Towards a universality picture for the relaxation to equilibrium of kinetically constrained models

Abstract

Recent years have seen a great deal of progress in our understanding of bootstrap percolation models, a particular class of monotone cellular automata. In the two-dimensional lattice $\mathbb{Z}^{2}$, there is now a quite satisfactory understanding of their evolution starting from a random initial condition, with a strikingly beautiful universality picture for their critical behavior. Much less is known for their nonmonotone stochastic counterpart, namely kinetically constrained models (KCM). In KCM, each vertex is resampled (independently) at rate one by tossing a $p$-coin iff it can be infected in the next step by the bootstrap model.
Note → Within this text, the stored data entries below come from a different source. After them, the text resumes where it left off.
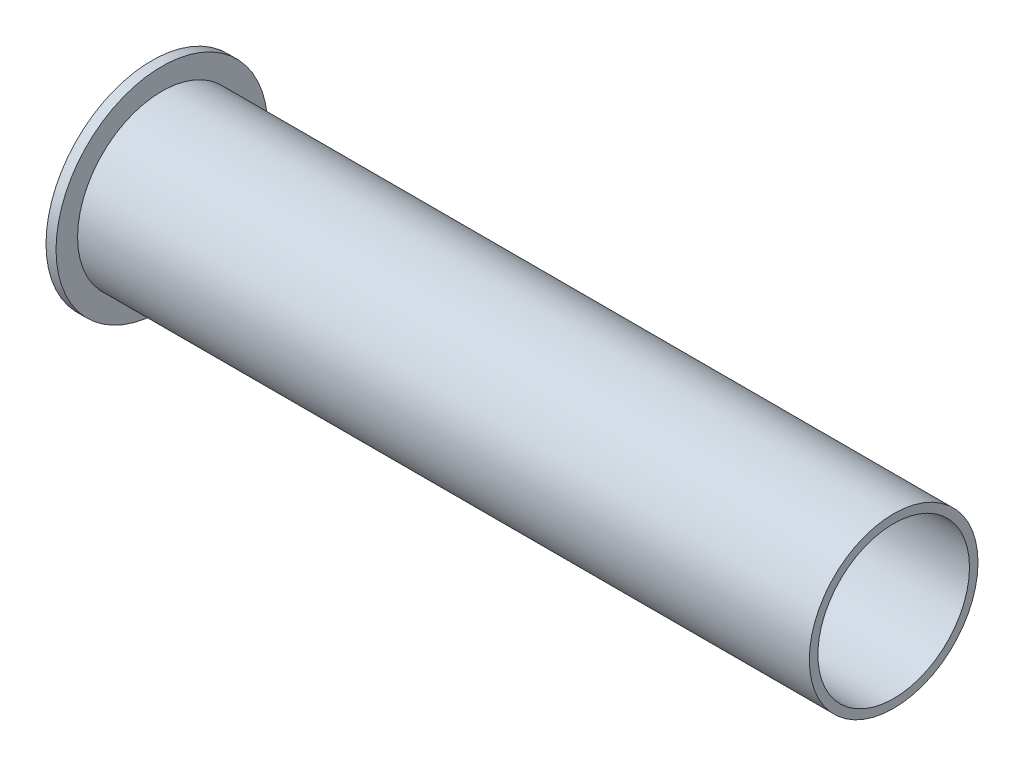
ISO-10303-21;
HEADER;
FILE_DESCRIPTION(('STEP AP214'),'2;1');
FILE_NAME('part.step','',(''),(''),'','','');
FILE_SCHEMA(('AUTOMOTIVE_DESIGN { 1 0 10303 214 1 1 1 1 }'));
ENDSEC;
DATA;
#1=APPLICATION_CONTEXT('core data for automotive mechanical design processes');
#2=APPLICATION_PROTOCOL_DEFINITION('international standard','automotive_design',2000,#1);
#3=PRODUCT_CONTEXT('',#1,'mechanical');
#4=PRODUCT('Part','Part','',(#3));
#5=PRODUCT_RELATED_PRODUCT_CATEGORY('part','',(#4));
#6=PRODUCT_DEFINITION_FORMATION('','',#4);
#7=PRODUCT_DEFINITION_CONTEXT('part definition',#1,'design');
#8=PRODUCT_DEFINITION('design','',#6,#7);
#9=PRODUCT_DEFINITION_SHAPE('','',#8);
#10=(LENGTH_UNIT() NAMED_UNIT(*) SI_UNIT(.MILLI.,.METRE.));
#11=(NAMED_UNIT(*) PLANE_ANGLE_UNIT() SI_UNIT($,.RADIAN.));
#12=(NAMED_UNIT(*) SI_UNIT($,.STERADIAN.) SOLID_ANGLE_UNIT());
#13=UNCERTAINTY_MEASURE_WITH_UNIT(LENGTH_MEASURE(1.E-05),#10,'distance_accuracy_value','');
#14=(GEOMETRIC_REPRESENTATION_CONTEXT(3) GLOBAL_UNCERTAINTY_ASSIGNED_CONTEXT((#13)) GLOBAL_UNIT_ASSIGNED_CONTEXT((#10,
#11,#12)) REPRESENTATION_CONTEXT('',''));
#15=CARTESIAN_POINT('',(0.,0.,0.));
#16=DIRECTION('',(0.,0.,1.));
#17=DIRECTION('',(1.,0.,0.));
#18=AXIS2_PLACEMENT_3D('',#15,#16,#17);
#19=CARTESIAN_POINT('',(56.4134,0.,0.));
#20=DIRECTION('',(-1.,0.,0.));
#21=DIRECTION('',(0.,0.,1.));
#22=AXIS2_PLACEMENT_3D('',#19,#20,#21);
#23=CYLINDRICAL_SURFACE('',#22,6.4135);
#24=CARTESIAN_POINT('',(56.4134,0.,0.));
#25=DIRECTION('',(1.,0.,0.));
#26=DIRECTION('',(0.,0.,-1.));
#27=AXIS2_PLACEMENT_3D('',#24,#25,#26);
#28=CIRCLE('',#27,6.4135);
#29=CARTESIAN_POINT('',(56.4134,0.,-6.4135));
#30=VERTEX_POINT('',#29);
#31=EDGE_CURVE('E36',#30,#30,#28,.T.);
#32=ORIENTED_EDGE('',*,*,#31,.F.);
#33=EDGE_LOOP('',(#32));
#34=FACE_BOUND('',#33,.T.);
#35=CARTESIAN_POINT('',(0.761999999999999,0.,0.));
#36=DIRECTION('',(-1.,0.,0.));
#37=DIRECTION('',(0.,0.,1.));
#38=AXIS2_PLACEMENT_3D('',#35,#36,#37);
#39=CIRCLE('',#38,6.4135);
#40=CARTESIAN_POINT('',(0.761999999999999,0.,6.4135));
#41=VERTEX_POINT('',#40);
#42=EDGE_CURVE('E10',#41,#41,#39,.T.);
#43=ORIENTED_EDGE('',*,*,#42,.F.);
#44=EDGE_LOOP('',(#43));
#45=FACE_BOUND('',#44,.T.);
#46=ADVANCED_FACE('F33',(#34,#45),#23,.T.);
#47=CARTESIAN_POINT('',(56.4134,0.,0.));
#48=DIRECTION('',(1.,0.,0.));
#49=DIRECTION('',(0.,0.,-1.));
#50=AXIS2_PLACEMENT_3D('',#47,#48,#49);
#51=PLANE('',#50);
#52=ORIENTED_EDGE('',*,*,#31,.T.);
#53=EDGE_LOOP('',(#52));
#54=FACE_BOUND('',#53,.T.);
#55=CARTESIAN_POINT('',(56.4134,0.,0.));
#56=DIRECTION('',(1.,0.,0.));
#57=DIRECTION('',(0.,0.,-1.));
#58=AXIS2_PLACEMENT_3D('',#55,#56,#57);
#59=CIRCLE('',#58,5.7658);
#60=CARTESIAN_POINT('',(56.4134,0.,-5.7658));
#61=VERTEX_POINT('',#60);
#62=EDGE_CURVE('E44',#61,#61,#59,.T.);
#63=ORIENTED_EDGE('',*,*,#62,.F.);
#64=EDGE_LOOP('',(#63));
#65=FACE_BOUND('',#64,.T.);
#66=ADVANCED_FACE('F75',(#54,#65),#51,.T.);
#67=CARTESIAN_POINT('',(0.,0.,0.));
#68=DIRECTION('',(1.,0.,0.));
#69=DIRECTION('',(0.,0.,-1.));
#70=AXIS2_PLACEMENT_3D('',#67,#68,#69);
#71=PLANE('',#70);
#72=CARTESIAN_POINT('',(0.,0.,0.));
#73=DIRECTION('',(1.,0.,0.));
#74=DIRECTION('',(0.,0.,-1.));
#75=AXIS2_PLACEMENT_3D('',#72,#73,#74);
#76=CIRCLE('',#75,5.7658);
#77=CARTESIAN_POINT('',(0.,0.,-5.7658));
#78=VERTEX_POINT('',#77);
#79=EDGE_CURVE('E50',#78,#78,#76,.T.);
#80=ORIENTED_EDGE('',*,*,#79,.T.);
#81=EDGE_LOOP('',(#80));
#82=FACE_BOUND('',#81,.T.);
#83=CARTESIAN_POINT('',(0.,0.,0.));
#84=DIRECTION('',(-1.,0.,0.));
#85=DIRECTION('',(0.,0.,1.));
#86=AXIS2_PLACEMENT_3D('',#83,#84,#85);
#87=CIRCLE('',#86,8.0518);
#88=CARTESIAN_POINT('',(0.,0.,8.0518));
#89=VERTEX_POINT('',#88);
#90=EDGE_CURVE('E47',#89,#89,#87,.T.);
#91=ORIENTED_EDGE('',*,*,#90,.T.);
#92=EDGE_LOOP('',(#91));
#93=FACE_BOUND('',#92,.T.);
#94=ADVANCED_FACE('F61',(#82,#93),#71,.F.);
#95=CARTESIAN_POINT('',(56.4134,0.,0.));
#96=DIRECTION('',(-1.,0.,0.));
#97=DIRECTION('',(0.,0.,1.));
#98=AXIS2_PLACEMENT_3D('',#95,#96,#97);
#99=CYLINDRICAL_SURFACE('',#98,5.7658);
#100=ORIENTED_EDGE('',*,*,#79,.F.);
#101=EDGE_LOOP('',(#100));
#102=FACE_BOUND('',#101,.T.);
#103=ORIENTED_EDGE('',*,*,#62,.T.);
#104=EDGE_LOOP('',(#103));
#105=FACE_BOUND('',#104,.T.);
#106=ADVANCED_FACE('F70',(#102,#105),#99,.F.);
#107=CARTESIAN_POINT('',(0.762,0.,0.));
#108=DIRECTION('',(-1.,0.,0.));
#109=DIRECTION('',(0.,0.,1.));
#110=AXIS2_PLACEMENT_3D('',#107,#108,#109);
#111=PLANE('',#110);
#112=CARTESIAN_POINT('',(0.762,0.,0.));
#113=DIRECTION('',(-1.,0.,0.));
#114=DIRECTION('',(0.,0.,1.));
#115=AXIS2_PLACEMENT_3D('',#112,#113,#114);
#116=CIRCLE('',#115,8.0518);
#117=CARTESIAN_POINT('',(0.762,0.,8.0518));
#118=VERTEX_POINT('',#117);
#119=EDGE_CURVE('E52',#118,#118,#116,.T.);
#120=ORIENTED_EDGE('',*,*,#119,.F.);
#121=EDGE_LOOP('',(#120));
#122=FACE_BOUND('',#121,.T.);
#123=ORIENTED_EDGE('',*,*,#42,.T.);
#124=EDGE_LOOP('',(#123));
#125=FACE_BOUND('',#124,.T.);
#126=ADVANCED_FACE('F65',(#122,#125),#111,.F.);
#127=CARTESIAN_POINT('',(0.762,0.,0.));
#128=DIRECTION('',(-1.,0.,0.));
#129=DIRECTION('',(0.,0.,1.));
#130=AXIS2_PLACEMENT_3D('',#127,#128,#129);
#131=CYLINDRICAL_SURFACE('',#130,8.0518);
#132=CARTESIAN_POINT('',(0.762,0.,8.0518));
#133=CARTESIAN_POINT('',(0.7540625,0.,8.0518));
#134=CARTESIAN_POINT('',(0.746125,0.,8.0518));
#135=CARTESIAN_POINT('',(0.73025,0.,8.0518));
#136=CARTESIAN_POINT('',(0.7223125,0.,8.0518));
#137=CARTESIAN_POINT('',(0.7064375,0.,8.0518));
#138=CARTESIAN_POINT('',(0.6985,0.,8.0518));
#139=CARTESIAN_POINT('',(0.682625,0.,8.0518));
#140=CARTESIAN_POINT('',(0.6746875,0.,8.0518));
#141=CARTESIAN_POINT('',(0.6588125,0.,8.0518));
#142=CARTESIAN_POINT('',(0.650875,0.,8.0518));
#143=CARTESIAN_POINT('',(0.635,0.,8.0518));
#144=CARTESIAN_POINT('',(0.6270625,0.,8.0518));
#145=CARTESIAN_POINT('',(0.6111875,0.,8.0518));
#146=CARTESIAN_POINT('',(0.60325,0.,8.0518));
#147=CARTESIAN_POINT('',(0.587375,0.,8.0518));
#148=CARTESIAN_POINT('',(0.5794375,0.,8.0518));
#149=CARTESIAN_POINT('',(0.5635625,0.,8.0518));
#150=CARTESIAN_POINT('',(0.555625,0.,8.0518));
#151=CARTESIAN_POINT('',(0.53975,0.,8.0518));
#152=CARTESIAN_POINT('',(0.5318125,0.,8.0518));
#153=CARTESIAN_POINT('',(0.5159375,0.,8.0518));
#154=CARTESIAN_POINT('',(0.508,0.,8.0518));
#155=CARTESIAN_POINT('',(0.492125,0.,8.0518));
#156=CARTESIAN_POINT('',(0.4841875,0.,8.0518));
#157=CARTESIAN_POINT('',(0.4683125,0.,8.0518));
#158=CARTESIAN_POINT('',(0.460375,0.,8.0518));
#159=CARTESIAN_POINT('',(0.4445,0.,8.0518));
#160=CARTESIAN_POINT('',(0.4365625,0.,8.0518));
#161=CARTESIAN_POINT('',(0.4206875,0.,8.0518));
#162=CARTESIAN_POINT('',(0.41275,0.,8.0518));
#163=CARTESIAN_POINT('',(0.396875,0.,8.0518));
#164=CARTESIAN_POINT('',(0.3889375,0.,8.0518));
#165=CARTESIAN_POINT('',(0.3730625,0.,8.0518));
#166=CARTESIAN_POINT('',(0.365125,0.,8.0518));
#167=CARTESIAN_POINT('',(0.34925,0.,8.0518));
#168=CARTESIAN_POINT('',(0.3413125,0.,8.0518));
#169=CARTESIAN_POINT('',(0.3254375,0.,8.0518));
#170=CARTESIAN_POINT('',(0.3175,0.,8.0518));
#171=CARTESIAN_POINT('',(0.301625,0.,8.0518));
#172=CARTESIAN_POINT('',(0.2936875,0.,8.0518));
#173=CARTESIAN_POINT('',(0.2778125,0.,8.0518));
#174=CARTESIAN_POINT('',(0.269875,0.,8.0518));
#175=CARTESIAN_POINT('',(0.254,0.,8.0518));
#176=CARTESIAN_POINT('',(0.2460625,0.,8.0518));
#177=CARTESIAN_POINT('',(0.2301875,0.,8.0518));
#178=CARTESIAN_POINT('',(0.22225,0.,8.0518));
#179=CARTESIAN_POINT('',(0.206375,0.,8.0518));
#180=CARTESIAN_POINT('',(0.1984375,0.,8.0518));
#181=CARTESIAN_POINT('',(0.1825625,0.,8.0518));
#182=CARTESIAN_POINT('',(0.174625,0.,8.0518));
#183=CARTESIAN_POINT('',(0.15875,0.,8.0518));
#184=CARTESIAN_POINT('',(0.1508125,0.,8.0518));
#185=CARTESIAN_POINT('',(0.1349375,0.,8.0518));
#186=CARTESIAN_POINT('',(0.127,0.,8.0518));
#187=CARTESIAN_POINT('',(0.111125,0.,8.0518));
#188=CARTESIAN_POINT('',(0.1031875,0.,8.0518));
#189=CARTESIAN_POINT('',(0.0873125,0.,8.0518));
#190=CARTESIAN_POINT('',(0.079375,0.,8.0518));
#191=CARTESIAN_POINT('',(0.0635,0.,8.0518));
#192=CARTESIAN_POINT('',(0.0555625,0.,8.0518));
#193=CARTESIAN_POINT('',(0.0396875,0.,8.0518));
#194=CARTESIAN_POINT('',(0.03175,0.,8.0518));
#195=CARTESIAN_POINT('',(0.015875,0.,8.0518));
#196=CARTESIAN_POINT('',(0.00793749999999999,0.,8.0518));
#197=CARTESIAN_POINT('',(0.,0.,8.0518));
#198=B_SPLINE_CURVE_WITH_KNOTS('',3,(#132,#133,#134,#135,#136,#137,#138,#139,#140,#141,#142,
#143,#144,#145,#146,#147,#148,#149,#150,#151,#152,#153,#154,#155,#156,#157,#158,#159,#160,#161,
#162,#163,#164,#165,#166,#167,#168,#169,#170,#171,#172,#173,#174,#175,#176,#177,#178,#179,#180,
#181,#182,#183,#184,#185,#186,#187,#188,#189,#190,#191,#192,#193,#194,#195,#196,#197),
.UNSPECIFIED.,.F.,.F.,(4,2,2,2,2,2,2,2,2,2,2,2,2,2,2,2,2,2,2,2,2,2,2,2,2,2,2,2,2,2,2,2,4),(0.,
0.0238125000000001,0.047625,0.0714375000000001,0.0952500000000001,0.1190625,0.142875,0.1666875,
0.1905,0.2143125,0.238125,0.2619375,0.28575,0.3095625,0.333375,0.3571875,0.381,0.4048125,
0.428625,0.4524375,0.47625,0.5000625,0.523875,0.5476875,0.5715,0.5953125,0.619125,0.6429375,
0.66675,0.6905625,0.714375,0.7381875,0.762),.UNSPECIFIED.);
#199=EDGE_CURVE('BSEAM63',#118,#89,#198,.T.);
#200=ORIENTED_EDGE('',*,*,#119,.T.);
#201=ORIENTED_EDGE('',*,*,#90,.F.);
#202=ORIENTED_EDGE('',*,*,#199,.T.);
#203=ORIENTED_EDGE('',*,*,#199,.F.);
#204=EDGE_LOOP('',(#200,#202,#201,#203));
#205=FACE_BOUND('',#204,.T.);
#206=ADVANCED_FACE('F63',(#205),#131,.T.);
#207=CLOSED_SHELL('',(#46,#66,#94,#106,#126,#206));
#208=MANIFOLD_SOLID_BREP('B2',#207);
#209=ADVANCED_BREP_SHAPE_REPRESENTATION('',(#18,#208),#14);
#210=SHAPE_DEFINITION_REPRESENTATION(#9,#209);
ENDSEC;
END-ISO-10303-21;

In particular, an infection can also heal, hence the nonmonotonicity. Besides the connection with bootstrap percolation, KCM have an interest in their own as they feature some of the most striking features of the liquid/glass transition, a major and still largely open problem in condensed matter physics. In this paper, we pave the way towards proving universality results for the characteristic time scales of KCM. Our novel and general approach gives the right tools to establish a close connection between the critical scaling of characteristic time scales for KCM and the scaling of the critical length in critical bootstrap models. When applied to the Fredrickson–Andersen $k$-facilitated models in dimension $d\ge2$, among the most studied KCM, and to the Gravner–Griffeath model, our results are close to optimal.